▶ [TRY IT]:
Transcribe the following entries letter for letter, without the pictures.

===== RECORDS SUPPLIED =====

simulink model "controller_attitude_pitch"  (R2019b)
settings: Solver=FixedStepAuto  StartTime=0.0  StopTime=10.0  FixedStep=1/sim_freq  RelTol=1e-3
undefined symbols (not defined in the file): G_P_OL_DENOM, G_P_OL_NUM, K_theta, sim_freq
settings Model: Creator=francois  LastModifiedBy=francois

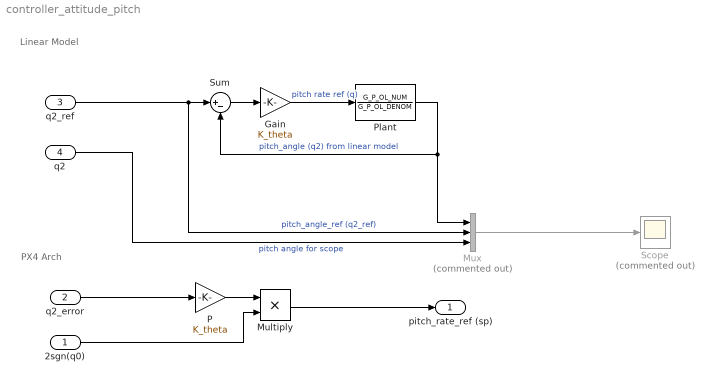
== system controller_attitude_pitch ==
  note: Linear Model
  note: PX4 Arch
  2sgn(q0) : Inport  SampleTime=1/sim_freq
  q2_error : Inport  Port=2  SampleTime=1/sim_freq
  q2_ref : Inport  Port=3
  q2 : Inport  Port=4  SampleTime=1/sim_freq
  Gain : Gain  Gain=K_theta
  Multiply : Product
  Mux : Mux  Commented=on  Inputs=3
  P : Gain  Gain=K_theta
  Plant : TransferFcn  Numerator=G_P_OL_NUM  Denominator=G_P_OL_DENOM
  Scope : Scope  Commented=on
  Sum : Sum  Inputs=|+-
  pitch_rate_ref (sp) : Outport  VectorParamsAs1DForOutWhenUnconnected=off
  wires:
  q2_ref/1 -> Mux/2, Sum/1  "pitch_angle_ref (q2_ref)"
  Plant/1 -> Mux/1, Sum/2  "pitch_angle (q2) from linear model"
  Sum/1 -> Gain/1
  Gain/1 -> Plant/1  "pitch rate ref (q)"
  P/1 -> Multiply/1
  2sgn(q0)/1 -> Multiply/2
  q2_error/1 -> P/1
  Multiply/1 -> pitch_rate_ref (sp)/1
  q2/1 -> Mux/3  "pitch angle for scope"
  Mux/1 -> Scope/1

=====

▶ [SOLUTION TO THIS TASK]:
simulink model "controller_attitude_pitch"  (R2019b)
settings: Solver=FixedStepAuto  StartTime=0.0  StopTime=10.0  FixedStep=1/sim_freq  RelTol=1e-3
undefined symbols (not defined in the file): G_P_OL_DENOM, G_P_OL_NUM, K_theta, sim_freq
settings Model: Creator=francois  LastModifiedBy=francois

== system controller_attitude_pitch ==
  note: Linear Model
  note: PX4 Arch
  2sgn(q0) : Inport  SampleTime=1/sim_freq
  q2_error : Inport  Port=2  SampleTime=1/sim_freq
  q2_ref : Inport  Port=3
  q2 : Inport  Port=4  SampleTime=1/sim_freq
  Gain : Gain  Gain=K_theta
  Multiply : Product
  Mux : Mux  Commented=on  Inputs=3
  P : Gain  Gain=K_theta
  Plant : TransferFcn  Numerator=G_P_OL_NUM  Denominator=G_P_OL_DENOM
  Scope : Scope  Commented=on
  Sum : Sum  Inputs=|+-
  pitch_rate_ref (sp) : Outport  VectorParamsAs1DForOutWhenUnconnected=off
  wires:
  q2_ref/1 -> Mux/2, Sum/1  "pitch_angle_ref (q2_ref)"
  Plant/1 -> Mux/1, Sum/2  "pitch_angle (q2) from linear model"
  Sum/1 -> Gain/1
  Gain/1 -> Plant/1  "pitch rate ref (q)"
  P/1 -> Multiply/1
  2sgn(q0)/1 -> Multiply/2
  q2_error/1 -> P/1
  Multiply/1 -> pitch_rate_ref (sp)/1
  q2/1 -> Mux/3  "pitch angle for scope"
  Mux/1 -> Scope/1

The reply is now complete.